[Start of Attachment]

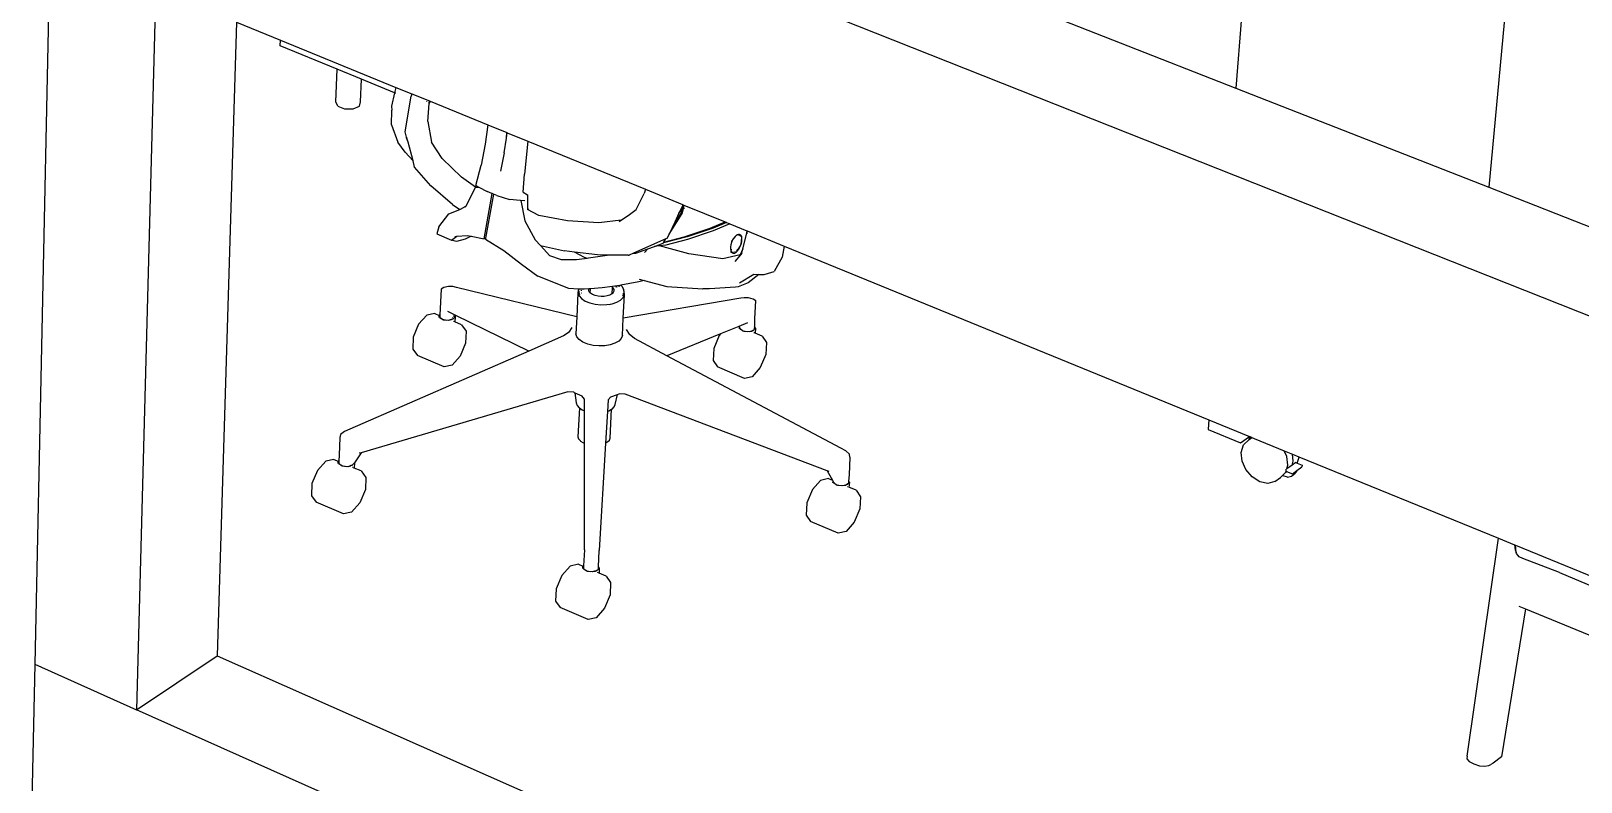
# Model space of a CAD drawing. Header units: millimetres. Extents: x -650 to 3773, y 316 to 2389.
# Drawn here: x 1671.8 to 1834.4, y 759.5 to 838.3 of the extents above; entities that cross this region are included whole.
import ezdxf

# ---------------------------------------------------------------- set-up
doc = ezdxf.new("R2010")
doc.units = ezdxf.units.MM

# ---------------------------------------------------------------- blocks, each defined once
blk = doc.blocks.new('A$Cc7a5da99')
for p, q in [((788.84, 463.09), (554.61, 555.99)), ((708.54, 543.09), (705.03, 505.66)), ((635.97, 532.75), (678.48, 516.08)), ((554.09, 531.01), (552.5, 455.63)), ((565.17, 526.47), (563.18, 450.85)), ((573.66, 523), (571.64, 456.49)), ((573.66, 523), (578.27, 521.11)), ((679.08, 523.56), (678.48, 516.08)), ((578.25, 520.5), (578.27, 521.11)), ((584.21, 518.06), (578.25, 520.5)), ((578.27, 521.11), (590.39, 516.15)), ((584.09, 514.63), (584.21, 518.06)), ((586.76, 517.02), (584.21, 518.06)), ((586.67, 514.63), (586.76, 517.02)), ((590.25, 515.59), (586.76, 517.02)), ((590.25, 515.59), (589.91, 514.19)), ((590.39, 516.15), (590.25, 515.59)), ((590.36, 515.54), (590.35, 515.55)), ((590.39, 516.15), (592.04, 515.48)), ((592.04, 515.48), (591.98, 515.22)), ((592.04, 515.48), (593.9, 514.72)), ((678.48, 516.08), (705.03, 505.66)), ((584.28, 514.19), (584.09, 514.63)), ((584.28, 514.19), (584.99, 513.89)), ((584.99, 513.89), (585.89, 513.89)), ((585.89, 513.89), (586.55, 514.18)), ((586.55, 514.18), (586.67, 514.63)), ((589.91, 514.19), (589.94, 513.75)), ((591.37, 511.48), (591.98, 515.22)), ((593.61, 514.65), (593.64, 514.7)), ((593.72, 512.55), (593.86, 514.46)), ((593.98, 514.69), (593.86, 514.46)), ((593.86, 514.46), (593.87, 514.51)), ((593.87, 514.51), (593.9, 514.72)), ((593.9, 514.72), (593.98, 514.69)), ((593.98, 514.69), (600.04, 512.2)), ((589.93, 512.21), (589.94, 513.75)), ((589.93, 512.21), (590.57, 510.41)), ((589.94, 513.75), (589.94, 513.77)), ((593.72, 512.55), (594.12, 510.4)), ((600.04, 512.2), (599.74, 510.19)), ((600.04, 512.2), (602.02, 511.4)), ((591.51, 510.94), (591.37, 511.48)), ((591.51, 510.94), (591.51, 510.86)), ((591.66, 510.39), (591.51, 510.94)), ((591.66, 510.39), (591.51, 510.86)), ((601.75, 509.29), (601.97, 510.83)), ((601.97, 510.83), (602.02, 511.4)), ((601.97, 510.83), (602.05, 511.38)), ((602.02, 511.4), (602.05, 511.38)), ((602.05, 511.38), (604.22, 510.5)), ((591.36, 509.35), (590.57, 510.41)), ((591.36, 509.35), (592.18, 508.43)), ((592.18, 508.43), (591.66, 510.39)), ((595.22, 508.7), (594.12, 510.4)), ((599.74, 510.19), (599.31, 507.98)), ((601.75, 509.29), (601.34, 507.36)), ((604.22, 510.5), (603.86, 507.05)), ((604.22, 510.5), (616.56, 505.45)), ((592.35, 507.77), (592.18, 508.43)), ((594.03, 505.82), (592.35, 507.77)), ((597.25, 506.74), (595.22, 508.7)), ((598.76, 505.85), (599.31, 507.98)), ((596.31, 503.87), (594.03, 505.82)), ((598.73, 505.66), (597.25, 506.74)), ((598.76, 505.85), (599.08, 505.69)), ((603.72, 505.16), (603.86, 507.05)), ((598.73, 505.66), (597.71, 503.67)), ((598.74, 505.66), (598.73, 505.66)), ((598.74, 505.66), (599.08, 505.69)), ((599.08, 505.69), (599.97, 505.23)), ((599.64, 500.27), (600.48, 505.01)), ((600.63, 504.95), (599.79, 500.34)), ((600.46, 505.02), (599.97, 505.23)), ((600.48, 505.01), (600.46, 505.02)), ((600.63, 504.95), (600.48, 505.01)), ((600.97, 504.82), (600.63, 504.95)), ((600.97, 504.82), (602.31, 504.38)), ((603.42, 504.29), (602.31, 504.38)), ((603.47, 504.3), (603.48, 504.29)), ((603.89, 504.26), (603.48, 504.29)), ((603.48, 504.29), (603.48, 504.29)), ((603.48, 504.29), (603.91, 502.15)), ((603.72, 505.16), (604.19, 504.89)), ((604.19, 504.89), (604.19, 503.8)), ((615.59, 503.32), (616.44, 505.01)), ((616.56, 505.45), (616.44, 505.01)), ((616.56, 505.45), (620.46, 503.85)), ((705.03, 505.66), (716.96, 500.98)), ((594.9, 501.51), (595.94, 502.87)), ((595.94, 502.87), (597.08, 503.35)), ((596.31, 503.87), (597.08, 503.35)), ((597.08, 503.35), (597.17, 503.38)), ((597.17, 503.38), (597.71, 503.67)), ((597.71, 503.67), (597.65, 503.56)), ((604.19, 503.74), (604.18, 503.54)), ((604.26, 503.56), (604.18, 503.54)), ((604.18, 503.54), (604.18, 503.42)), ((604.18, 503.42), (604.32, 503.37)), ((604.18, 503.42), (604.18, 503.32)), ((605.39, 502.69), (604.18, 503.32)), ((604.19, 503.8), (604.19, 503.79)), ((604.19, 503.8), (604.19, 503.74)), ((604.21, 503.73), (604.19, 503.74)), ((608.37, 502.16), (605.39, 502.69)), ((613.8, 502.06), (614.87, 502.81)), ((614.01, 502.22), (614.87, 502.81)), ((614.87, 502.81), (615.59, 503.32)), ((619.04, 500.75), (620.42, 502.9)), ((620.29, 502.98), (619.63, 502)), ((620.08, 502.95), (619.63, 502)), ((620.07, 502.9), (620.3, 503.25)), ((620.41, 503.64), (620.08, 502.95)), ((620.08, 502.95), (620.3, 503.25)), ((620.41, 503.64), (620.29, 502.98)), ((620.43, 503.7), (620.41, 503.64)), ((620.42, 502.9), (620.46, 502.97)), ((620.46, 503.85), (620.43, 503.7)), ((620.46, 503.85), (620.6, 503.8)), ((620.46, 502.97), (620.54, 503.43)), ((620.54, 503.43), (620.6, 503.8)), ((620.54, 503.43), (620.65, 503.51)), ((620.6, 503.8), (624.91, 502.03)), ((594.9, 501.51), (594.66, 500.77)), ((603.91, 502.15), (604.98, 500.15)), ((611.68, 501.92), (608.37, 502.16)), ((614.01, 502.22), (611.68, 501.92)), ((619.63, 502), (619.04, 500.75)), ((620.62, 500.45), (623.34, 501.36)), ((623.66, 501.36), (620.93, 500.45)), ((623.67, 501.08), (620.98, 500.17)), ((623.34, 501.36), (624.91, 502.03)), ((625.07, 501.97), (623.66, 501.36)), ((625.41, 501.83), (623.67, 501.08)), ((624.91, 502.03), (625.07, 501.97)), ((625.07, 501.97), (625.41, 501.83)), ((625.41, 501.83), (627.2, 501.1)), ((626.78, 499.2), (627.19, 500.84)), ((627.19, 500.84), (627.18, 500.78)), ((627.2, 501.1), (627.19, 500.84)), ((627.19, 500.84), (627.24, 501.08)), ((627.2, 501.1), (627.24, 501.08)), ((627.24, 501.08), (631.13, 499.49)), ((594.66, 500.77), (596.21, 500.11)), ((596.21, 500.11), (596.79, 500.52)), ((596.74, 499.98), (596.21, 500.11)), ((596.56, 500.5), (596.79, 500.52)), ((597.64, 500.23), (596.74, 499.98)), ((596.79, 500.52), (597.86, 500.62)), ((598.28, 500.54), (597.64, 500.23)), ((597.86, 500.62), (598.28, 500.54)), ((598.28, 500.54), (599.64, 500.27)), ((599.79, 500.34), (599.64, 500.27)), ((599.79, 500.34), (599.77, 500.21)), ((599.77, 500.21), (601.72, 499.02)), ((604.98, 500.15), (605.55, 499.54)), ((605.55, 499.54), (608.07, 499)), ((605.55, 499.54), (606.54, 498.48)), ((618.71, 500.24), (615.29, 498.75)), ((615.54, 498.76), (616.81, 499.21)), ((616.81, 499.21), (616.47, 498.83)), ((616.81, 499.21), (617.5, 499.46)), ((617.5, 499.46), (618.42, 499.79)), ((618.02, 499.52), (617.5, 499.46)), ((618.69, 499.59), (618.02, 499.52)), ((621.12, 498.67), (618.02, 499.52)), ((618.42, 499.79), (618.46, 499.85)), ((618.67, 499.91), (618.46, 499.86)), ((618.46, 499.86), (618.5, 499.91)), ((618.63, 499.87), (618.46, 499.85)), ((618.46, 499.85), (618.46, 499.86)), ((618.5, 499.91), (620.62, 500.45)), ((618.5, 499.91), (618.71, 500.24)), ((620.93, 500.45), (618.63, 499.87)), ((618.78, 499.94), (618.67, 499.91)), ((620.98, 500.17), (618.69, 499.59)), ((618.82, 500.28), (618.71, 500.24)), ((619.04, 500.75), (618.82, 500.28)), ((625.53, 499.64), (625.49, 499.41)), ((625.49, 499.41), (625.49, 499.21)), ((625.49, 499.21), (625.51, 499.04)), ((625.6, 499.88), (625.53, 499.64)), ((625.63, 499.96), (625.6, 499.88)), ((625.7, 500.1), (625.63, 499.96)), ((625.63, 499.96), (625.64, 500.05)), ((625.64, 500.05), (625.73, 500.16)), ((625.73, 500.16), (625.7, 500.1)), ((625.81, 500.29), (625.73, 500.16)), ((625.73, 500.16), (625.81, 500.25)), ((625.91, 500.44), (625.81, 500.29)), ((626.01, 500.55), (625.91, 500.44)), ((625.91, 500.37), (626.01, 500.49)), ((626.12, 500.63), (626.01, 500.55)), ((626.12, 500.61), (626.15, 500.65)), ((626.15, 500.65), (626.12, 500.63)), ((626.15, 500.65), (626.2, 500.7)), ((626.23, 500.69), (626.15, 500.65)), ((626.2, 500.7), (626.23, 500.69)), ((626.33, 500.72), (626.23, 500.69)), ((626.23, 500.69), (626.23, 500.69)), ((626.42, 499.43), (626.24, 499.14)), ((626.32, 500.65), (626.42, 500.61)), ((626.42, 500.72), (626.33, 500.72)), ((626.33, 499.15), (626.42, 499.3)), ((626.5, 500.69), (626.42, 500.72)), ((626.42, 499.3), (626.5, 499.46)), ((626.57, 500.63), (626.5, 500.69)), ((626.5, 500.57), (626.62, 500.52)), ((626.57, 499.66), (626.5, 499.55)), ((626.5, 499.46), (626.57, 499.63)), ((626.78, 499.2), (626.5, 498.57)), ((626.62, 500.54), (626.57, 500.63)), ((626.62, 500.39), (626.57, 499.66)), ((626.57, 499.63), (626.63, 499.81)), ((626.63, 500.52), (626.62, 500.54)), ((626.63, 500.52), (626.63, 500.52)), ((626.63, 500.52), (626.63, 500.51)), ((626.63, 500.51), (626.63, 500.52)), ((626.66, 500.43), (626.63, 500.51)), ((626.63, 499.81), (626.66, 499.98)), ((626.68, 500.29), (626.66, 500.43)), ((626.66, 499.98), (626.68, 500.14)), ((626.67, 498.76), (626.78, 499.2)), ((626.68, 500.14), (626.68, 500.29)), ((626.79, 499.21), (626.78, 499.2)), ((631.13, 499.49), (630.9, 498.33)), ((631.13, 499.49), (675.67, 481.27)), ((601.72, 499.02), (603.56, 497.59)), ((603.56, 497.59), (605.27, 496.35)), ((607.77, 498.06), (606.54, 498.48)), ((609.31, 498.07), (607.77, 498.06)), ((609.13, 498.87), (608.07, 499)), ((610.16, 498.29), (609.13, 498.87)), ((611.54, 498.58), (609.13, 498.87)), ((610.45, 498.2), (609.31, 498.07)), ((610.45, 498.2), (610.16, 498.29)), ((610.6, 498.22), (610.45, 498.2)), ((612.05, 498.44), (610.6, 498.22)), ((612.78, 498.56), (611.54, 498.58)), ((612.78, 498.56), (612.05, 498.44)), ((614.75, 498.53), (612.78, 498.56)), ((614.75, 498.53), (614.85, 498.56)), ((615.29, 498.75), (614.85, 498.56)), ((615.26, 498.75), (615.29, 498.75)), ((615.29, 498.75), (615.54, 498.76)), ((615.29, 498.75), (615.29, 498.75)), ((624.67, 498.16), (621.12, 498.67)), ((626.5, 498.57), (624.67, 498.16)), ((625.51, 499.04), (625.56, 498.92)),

[End of Attachment]

**EXERCISE AIM**
With every picture omitted, write out the material exactly from its first line through the line containing "blk = doc.blocks.new('A$Cc7a5da99')".

**RESULT OF THE TASK**
# Model space of a CAD drawing. Header units: millimetres. Extents: x -650 to 3773, y 316 to 2389.
# Drawn here: x 1671.8 to 1834.4, y 759.5 to 838.3 of the extents above; entities that cross this region are included whole.
import ezdxf

# ---------------------------------------------------------------- set-up
doc = ezdxf.new("R2010")
doc.units = ezdxf.units.MM

# ---------------------------------------------------------------- blocks, each defined once
blk = doc.blocks.new('A$Cc7a5da99')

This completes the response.